Library of Congress

One of our sources of book data is the Library of Congress MDSConnect Books bibliography records.

We download and import the XML versions of these files.

Imported data lives under the locmds schema.

Data Model Diagram

LOC data model

  • SVG file

  • PlantUML source

Import Steps

The import is controlled by the following DVC steps:

schemas/loc-mds-schema.dvc

Run loc-mds-schema.sql to set up the base schema.

import/loc-mds-books.dvc

Import raw MARC data from data/loc-books/.

import/loc-mds-extract-isbns.dvc

Parse ISBNs from LOC ISBN records.

index/loc-mds-index-books.dvc

Run loc-mds-index-books.sql to index the book data and extract tables.

index/loc-mds-book-info.dvc

Run loc-mds-book-info.sql to extract additional book data into tables.

Raw Book Data

The locmds.book_marc_fields table contains the raw data imported from the MARC files, as MARC fields. The LOC book data follows the MARC 21 Bibliographic Data format; the various tags, field codes, and indicators are defined there. This table is not terribly useful on its own, but it is the source from which the other tables are derived.

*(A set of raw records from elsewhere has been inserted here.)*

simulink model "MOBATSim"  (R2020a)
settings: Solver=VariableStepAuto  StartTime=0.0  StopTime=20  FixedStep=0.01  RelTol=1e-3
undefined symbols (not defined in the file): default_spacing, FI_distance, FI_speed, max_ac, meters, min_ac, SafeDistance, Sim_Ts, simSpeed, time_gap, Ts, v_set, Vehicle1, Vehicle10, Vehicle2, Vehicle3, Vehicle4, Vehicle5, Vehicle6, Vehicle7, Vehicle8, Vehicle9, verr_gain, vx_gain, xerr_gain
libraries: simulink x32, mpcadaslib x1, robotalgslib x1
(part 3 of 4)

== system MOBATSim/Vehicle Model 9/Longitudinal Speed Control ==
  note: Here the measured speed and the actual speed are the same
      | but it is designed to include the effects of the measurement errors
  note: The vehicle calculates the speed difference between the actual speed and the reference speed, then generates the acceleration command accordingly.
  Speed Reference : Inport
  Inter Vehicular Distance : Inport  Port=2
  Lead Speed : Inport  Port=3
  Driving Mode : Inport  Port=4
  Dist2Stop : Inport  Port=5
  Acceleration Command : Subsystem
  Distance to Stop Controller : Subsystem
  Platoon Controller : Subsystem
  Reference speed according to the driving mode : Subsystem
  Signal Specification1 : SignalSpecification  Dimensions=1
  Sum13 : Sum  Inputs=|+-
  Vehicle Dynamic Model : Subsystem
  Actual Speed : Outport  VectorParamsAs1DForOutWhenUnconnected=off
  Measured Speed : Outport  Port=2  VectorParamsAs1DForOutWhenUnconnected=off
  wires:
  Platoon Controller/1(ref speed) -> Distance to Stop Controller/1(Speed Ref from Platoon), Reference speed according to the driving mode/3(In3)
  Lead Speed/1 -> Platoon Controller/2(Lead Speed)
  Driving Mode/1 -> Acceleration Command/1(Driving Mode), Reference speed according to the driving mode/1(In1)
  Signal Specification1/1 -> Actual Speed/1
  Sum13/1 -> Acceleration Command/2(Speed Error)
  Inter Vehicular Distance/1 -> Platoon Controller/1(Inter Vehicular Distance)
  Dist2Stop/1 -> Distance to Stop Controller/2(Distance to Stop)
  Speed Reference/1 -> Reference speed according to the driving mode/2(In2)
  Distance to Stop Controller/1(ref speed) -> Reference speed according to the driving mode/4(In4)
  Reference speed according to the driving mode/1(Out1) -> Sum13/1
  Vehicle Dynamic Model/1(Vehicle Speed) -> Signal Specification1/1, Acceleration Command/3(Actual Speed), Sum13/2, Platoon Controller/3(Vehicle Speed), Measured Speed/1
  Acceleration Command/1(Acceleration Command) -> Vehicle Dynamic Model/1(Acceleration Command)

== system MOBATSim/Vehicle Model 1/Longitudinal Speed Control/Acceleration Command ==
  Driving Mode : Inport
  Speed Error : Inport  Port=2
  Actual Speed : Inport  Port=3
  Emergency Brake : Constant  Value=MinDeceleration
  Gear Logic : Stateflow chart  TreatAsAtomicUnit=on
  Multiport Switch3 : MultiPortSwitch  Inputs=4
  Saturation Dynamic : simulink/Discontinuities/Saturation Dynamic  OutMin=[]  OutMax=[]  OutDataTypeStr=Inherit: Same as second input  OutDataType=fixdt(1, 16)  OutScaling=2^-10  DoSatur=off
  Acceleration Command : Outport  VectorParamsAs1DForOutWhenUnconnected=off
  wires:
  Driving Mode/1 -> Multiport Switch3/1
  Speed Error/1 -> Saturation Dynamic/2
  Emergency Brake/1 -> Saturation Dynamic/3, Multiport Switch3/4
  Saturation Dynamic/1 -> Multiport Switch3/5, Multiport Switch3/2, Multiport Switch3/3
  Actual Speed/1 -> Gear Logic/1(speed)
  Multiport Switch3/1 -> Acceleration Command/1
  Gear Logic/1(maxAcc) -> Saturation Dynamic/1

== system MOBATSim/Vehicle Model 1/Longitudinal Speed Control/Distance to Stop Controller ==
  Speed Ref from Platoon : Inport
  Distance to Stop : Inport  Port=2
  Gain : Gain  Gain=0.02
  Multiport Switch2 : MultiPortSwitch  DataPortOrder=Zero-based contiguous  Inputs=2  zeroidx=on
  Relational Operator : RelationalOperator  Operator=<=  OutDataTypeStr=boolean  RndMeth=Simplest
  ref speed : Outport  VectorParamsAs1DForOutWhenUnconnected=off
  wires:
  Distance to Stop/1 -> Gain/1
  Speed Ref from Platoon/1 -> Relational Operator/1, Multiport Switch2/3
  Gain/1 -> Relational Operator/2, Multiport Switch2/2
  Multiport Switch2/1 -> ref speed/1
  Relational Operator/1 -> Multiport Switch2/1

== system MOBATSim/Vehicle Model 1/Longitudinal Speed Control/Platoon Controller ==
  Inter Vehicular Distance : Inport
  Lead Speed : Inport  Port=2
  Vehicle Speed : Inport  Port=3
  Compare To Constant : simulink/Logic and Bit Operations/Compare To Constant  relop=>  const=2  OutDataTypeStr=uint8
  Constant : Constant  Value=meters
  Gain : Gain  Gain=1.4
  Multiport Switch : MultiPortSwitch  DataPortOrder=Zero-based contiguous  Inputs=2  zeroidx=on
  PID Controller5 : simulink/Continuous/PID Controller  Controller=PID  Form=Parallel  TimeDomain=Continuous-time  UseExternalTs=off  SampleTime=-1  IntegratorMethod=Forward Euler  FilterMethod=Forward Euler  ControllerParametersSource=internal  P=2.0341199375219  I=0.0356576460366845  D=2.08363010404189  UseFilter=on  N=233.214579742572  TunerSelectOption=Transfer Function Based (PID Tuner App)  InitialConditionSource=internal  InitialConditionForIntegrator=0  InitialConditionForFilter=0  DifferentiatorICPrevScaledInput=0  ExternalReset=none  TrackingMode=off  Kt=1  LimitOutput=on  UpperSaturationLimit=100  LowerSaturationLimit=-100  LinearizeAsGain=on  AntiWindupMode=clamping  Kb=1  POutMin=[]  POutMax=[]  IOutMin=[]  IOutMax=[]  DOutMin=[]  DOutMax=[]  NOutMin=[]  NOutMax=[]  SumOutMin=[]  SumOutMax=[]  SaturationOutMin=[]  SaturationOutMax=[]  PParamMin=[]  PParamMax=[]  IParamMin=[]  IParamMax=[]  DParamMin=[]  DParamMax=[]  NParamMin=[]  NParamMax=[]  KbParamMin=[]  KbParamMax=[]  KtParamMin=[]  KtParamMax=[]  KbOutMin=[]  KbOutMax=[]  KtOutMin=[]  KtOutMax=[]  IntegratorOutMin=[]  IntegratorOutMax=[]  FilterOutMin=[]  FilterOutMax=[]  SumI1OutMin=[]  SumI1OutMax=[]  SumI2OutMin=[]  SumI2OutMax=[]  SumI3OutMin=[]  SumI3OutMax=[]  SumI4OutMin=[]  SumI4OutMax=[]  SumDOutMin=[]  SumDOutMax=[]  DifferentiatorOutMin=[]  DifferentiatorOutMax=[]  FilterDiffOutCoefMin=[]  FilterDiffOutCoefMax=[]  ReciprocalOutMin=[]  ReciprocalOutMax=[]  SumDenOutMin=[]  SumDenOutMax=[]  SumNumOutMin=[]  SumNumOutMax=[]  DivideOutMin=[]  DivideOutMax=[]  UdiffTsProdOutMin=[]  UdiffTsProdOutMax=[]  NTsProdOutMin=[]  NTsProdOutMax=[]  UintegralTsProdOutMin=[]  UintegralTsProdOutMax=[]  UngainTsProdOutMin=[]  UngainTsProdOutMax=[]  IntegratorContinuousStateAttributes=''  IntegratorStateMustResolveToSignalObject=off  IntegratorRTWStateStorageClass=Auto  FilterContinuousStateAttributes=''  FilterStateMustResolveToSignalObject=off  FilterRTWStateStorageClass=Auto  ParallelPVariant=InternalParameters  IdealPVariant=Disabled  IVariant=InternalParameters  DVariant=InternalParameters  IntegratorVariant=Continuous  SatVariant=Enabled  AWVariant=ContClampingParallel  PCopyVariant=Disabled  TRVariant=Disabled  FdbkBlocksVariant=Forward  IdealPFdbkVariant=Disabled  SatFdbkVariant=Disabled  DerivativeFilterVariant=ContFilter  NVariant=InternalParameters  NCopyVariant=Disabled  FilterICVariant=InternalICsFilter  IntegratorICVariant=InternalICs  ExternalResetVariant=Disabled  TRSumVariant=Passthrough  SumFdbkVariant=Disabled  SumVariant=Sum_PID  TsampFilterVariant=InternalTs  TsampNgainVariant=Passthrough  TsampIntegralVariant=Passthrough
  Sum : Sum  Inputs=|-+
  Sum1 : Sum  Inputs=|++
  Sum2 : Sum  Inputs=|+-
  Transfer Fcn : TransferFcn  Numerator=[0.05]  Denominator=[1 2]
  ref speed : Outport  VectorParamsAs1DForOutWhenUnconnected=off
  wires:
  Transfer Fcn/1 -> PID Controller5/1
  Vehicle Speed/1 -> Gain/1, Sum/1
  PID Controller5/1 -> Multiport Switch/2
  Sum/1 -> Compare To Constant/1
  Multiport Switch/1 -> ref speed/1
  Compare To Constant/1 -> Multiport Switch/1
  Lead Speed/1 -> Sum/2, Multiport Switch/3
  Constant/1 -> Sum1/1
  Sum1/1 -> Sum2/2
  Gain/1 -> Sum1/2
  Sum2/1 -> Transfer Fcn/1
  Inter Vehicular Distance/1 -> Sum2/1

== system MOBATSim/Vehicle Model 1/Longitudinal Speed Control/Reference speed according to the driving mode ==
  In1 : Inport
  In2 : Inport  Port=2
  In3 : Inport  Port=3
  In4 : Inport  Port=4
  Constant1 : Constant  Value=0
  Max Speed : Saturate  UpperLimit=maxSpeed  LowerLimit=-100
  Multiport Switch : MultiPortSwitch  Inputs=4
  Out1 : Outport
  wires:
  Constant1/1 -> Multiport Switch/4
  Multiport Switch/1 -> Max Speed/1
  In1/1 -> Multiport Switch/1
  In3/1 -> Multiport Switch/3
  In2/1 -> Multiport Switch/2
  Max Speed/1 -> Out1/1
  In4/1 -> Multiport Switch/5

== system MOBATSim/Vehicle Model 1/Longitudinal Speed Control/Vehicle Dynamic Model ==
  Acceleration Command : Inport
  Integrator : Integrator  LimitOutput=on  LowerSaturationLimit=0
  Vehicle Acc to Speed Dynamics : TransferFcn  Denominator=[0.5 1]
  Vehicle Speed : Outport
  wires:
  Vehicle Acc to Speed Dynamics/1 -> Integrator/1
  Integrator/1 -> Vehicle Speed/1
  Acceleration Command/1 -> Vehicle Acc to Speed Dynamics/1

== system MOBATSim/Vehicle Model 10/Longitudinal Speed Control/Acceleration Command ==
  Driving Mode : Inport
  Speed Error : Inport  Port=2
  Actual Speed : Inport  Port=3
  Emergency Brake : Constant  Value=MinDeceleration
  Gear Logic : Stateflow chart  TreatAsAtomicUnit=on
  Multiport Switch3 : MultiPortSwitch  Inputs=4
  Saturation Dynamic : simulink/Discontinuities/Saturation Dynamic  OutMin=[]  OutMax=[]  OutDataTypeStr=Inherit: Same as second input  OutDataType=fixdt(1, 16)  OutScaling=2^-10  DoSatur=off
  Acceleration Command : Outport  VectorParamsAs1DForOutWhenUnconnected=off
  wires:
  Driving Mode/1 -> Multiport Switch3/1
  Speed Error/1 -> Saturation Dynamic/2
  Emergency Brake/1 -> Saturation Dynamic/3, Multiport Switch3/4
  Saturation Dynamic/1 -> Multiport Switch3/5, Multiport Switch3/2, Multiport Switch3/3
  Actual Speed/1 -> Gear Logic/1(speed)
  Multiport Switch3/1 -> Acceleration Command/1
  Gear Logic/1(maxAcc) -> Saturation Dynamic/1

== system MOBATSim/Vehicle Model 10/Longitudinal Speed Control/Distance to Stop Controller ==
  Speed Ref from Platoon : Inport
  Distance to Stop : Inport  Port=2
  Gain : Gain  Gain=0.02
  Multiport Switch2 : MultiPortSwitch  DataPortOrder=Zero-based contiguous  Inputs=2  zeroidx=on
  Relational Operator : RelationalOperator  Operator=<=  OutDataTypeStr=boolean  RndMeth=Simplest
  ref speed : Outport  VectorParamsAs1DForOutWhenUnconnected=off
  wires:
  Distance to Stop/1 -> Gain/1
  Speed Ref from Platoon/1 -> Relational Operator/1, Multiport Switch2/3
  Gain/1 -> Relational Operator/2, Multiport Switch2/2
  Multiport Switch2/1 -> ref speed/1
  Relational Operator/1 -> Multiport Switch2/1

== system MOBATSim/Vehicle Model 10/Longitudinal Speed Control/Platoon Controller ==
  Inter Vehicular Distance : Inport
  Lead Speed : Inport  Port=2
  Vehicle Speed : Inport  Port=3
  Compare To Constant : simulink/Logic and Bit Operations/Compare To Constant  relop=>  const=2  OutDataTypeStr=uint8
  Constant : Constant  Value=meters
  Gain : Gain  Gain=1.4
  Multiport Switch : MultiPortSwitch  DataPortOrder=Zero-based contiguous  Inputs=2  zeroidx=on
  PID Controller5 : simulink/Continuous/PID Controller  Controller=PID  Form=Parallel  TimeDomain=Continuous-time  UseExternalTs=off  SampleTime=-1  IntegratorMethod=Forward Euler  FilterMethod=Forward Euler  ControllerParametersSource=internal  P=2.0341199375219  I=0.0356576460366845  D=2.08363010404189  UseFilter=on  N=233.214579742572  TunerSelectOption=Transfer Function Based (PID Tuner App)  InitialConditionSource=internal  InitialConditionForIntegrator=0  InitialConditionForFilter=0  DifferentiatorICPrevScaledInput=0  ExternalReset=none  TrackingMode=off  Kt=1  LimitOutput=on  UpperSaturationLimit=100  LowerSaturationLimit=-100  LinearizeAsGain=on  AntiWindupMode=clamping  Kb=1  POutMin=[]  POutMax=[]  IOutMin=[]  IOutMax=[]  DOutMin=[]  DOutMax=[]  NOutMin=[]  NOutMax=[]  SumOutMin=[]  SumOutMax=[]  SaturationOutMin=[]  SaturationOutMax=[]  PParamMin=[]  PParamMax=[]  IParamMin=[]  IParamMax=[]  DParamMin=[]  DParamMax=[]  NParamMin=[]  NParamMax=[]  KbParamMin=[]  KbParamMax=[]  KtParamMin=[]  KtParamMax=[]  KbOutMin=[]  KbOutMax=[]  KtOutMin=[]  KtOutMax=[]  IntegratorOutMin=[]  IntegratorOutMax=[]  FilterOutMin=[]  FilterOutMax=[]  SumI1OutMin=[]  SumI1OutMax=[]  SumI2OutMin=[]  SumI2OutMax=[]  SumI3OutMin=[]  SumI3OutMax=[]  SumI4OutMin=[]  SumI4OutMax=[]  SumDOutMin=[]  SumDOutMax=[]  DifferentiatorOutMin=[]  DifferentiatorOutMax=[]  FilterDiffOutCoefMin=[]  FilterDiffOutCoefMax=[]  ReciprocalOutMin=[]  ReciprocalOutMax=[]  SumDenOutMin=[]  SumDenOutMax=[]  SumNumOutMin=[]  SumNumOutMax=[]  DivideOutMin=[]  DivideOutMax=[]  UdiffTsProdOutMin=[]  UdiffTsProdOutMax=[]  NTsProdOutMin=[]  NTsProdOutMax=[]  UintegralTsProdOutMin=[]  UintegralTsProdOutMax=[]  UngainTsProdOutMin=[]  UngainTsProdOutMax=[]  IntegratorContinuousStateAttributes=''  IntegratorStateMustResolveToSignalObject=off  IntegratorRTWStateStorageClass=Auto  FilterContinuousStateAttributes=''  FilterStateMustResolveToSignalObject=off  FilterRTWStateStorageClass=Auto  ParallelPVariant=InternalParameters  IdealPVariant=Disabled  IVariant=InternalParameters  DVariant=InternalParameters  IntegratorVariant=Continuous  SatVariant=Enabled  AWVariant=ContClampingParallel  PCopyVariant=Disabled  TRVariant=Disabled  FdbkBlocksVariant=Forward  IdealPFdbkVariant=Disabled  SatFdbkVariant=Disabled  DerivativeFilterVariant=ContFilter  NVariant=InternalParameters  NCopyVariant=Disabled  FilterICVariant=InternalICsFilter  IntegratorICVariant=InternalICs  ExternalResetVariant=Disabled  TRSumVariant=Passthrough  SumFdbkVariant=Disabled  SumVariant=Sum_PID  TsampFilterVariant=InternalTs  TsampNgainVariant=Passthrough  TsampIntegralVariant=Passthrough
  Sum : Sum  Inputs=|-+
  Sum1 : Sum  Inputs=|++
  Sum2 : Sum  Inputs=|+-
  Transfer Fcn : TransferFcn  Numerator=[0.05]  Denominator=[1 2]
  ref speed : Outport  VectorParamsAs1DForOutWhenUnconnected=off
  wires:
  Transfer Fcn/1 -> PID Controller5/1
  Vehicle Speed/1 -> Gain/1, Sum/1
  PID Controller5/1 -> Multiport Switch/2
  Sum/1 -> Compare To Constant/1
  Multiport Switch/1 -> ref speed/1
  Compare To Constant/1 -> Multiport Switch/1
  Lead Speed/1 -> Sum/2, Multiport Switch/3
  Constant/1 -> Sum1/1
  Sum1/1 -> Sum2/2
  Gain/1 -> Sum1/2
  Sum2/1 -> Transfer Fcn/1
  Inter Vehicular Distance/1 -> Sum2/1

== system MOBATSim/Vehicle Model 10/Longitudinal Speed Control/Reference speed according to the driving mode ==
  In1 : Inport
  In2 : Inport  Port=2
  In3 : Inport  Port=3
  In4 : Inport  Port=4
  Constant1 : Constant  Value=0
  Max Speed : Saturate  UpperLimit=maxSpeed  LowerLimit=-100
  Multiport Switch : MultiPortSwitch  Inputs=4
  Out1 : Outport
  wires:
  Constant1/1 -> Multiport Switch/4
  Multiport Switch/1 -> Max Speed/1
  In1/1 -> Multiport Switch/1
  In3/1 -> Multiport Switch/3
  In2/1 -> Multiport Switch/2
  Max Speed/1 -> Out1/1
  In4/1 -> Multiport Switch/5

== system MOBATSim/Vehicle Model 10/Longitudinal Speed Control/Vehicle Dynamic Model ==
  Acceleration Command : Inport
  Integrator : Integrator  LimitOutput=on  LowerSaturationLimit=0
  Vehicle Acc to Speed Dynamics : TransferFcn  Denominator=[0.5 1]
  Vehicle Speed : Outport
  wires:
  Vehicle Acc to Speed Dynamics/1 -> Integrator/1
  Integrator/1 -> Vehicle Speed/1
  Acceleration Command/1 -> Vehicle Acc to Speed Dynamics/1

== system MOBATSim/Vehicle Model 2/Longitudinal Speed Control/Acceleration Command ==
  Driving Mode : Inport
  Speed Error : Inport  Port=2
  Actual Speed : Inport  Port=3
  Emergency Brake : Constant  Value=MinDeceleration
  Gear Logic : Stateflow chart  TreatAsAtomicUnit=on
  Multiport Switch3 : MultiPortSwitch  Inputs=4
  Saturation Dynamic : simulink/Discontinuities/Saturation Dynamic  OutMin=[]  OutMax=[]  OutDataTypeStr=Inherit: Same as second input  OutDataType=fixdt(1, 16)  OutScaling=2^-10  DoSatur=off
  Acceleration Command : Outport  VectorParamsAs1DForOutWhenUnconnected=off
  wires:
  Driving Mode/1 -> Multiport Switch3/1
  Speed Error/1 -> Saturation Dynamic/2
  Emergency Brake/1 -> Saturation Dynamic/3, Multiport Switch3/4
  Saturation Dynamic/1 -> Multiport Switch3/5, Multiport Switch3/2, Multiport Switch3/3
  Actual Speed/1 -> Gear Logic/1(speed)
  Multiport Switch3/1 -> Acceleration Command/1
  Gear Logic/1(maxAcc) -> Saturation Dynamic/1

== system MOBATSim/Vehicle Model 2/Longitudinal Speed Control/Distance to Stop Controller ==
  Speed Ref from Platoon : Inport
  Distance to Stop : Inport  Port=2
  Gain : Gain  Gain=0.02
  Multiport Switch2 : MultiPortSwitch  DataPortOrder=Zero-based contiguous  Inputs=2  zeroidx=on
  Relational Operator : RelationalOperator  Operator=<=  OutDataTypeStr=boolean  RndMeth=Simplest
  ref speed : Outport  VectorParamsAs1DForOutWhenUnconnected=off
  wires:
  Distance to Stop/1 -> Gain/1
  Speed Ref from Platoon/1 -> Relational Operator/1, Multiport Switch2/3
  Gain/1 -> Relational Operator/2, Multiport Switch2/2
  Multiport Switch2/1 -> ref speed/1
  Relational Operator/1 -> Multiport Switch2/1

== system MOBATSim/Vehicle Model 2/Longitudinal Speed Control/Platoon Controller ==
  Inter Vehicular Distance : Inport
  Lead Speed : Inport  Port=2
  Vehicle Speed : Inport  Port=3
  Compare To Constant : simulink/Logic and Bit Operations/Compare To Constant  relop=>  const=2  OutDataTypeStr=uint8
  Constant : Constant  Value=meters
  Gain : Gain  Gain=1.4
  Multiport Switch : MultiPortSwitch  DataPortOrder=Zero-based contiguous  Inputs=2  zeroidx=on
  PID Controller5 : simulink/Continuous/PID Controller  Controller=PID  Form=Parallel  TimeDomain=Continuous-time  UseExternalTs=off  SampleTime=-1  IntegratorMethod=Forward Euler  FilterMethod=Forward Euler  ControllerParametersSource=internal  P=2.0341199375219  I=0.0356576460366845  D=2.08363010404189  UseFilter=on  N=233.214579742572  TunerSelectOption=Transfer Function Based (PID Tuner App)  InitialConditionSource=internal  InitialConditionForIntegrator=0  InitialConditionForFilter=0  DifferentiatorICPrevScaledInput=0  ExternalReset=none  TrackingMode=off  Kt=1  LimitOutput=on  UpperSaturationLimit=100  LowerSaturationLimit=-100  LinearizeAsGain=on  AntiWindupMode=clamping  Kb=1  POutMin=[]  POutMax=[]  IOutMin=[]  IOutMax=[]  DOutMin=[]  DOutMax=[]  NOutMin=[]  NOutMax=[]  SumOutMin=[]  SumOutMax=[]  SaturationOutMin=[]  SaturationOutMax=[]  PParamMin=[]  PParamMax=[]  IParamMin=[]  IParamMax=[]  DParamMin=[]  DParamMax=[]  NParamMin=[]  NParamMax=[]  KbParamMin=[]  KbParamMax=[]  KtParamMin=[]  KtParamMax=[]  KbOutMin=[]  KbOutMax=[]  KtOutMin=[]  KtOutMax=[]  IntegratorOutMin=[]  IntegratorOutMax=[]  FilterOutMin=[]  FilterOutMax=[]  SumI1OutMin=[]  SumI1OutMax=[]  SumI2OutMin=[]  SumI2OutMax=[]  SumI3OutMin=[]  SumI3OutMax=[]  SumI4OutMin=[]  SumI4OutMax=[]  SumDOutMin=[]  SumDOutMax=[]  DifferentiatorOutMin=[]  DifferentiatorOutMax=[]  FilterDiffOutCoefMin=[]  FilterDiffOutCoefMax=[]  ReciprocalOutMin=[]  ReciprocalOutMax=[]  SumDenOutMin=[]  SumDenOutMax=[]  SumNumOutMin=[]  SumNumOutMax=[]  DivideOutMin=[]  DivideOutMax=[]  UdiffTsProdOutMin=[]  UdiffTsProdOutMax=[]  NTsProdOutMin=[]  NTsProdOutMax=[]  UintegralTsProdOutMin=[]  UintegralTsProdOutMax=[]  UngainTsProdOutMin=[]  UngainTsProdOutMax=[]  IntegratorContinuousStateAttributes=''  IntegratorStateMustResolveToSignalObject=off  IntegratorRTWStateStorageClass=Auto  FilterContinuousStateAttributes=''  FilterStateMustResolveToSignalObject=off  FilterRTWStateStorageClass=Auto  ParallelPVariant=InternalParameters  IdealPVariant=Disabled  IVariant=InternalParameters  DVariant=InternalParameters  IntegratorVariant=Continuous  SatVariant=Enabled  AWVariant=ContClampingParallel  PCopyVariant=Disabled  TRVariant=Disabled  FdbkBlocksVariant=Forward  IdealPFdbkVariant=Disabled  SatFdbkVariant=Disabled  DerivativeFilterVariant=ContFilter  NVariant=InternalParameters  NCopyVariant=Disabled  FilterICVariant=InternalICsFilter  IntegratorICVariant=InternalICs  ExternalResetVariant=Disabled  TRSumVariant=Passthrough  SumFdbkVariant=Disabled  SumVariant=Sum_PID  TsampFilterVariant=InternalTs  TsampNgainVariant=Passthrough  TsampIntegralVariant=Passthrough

It has the following columns:

rec_id

The record identifier (generated at import)

fld_no

The field number. This corresponds to a single MARC field entry; rows in this table containing data from MARC subfields will share a fld_no with their containing field.

tag

The MARC tag; either a three-digit number, or LDR for the MARC leader.

ind1, ind2

MARC indicators. Their meanings are defined in the MARC specification.

sf_code

MARC subfield code.

contents

The raw textual content of the MARC field or subfield.

Extracted Book Tables

We then extract a number of tables and views from this MARC data. These tables include:

book_record_info

Code information for each book record.

  • MARC Control Number

  • Library of Congress Control Number (LCCN)

  • Record status

  • Record type

  • Bibliographic level

More information about the last three is in the leader specification.

book

A subset of book_record_info intended to capture the actual books in the collection, as opposed to other types of materials. We consider a book to be anything that has MARC record type ‘a’ or ‘t’ (language material), and is not also classified as a government record in MARC field 008.

book_extracted_isbn

Textual ISBNs as extracted from LOC records. The actual ISBN strings (tag 020 subfield ‘a’) are quite messy; the Rust program parse-isbns parses out ISBNs, along with additional tags or descriptors, from the ISBN strings using a number of best-effort heuristics. This table contains the results of that process.

book_rec_isbn

Map book records to their ISBNs.

book_author_name

Author names for book records. This only extracts the primary author name (MARC field 100 subfield ‘a’).

book_pub_year

Book publication year (MARC field 260 subfield ‘c’).

book_title

Book title (MARC field 245 subfield ‘a’).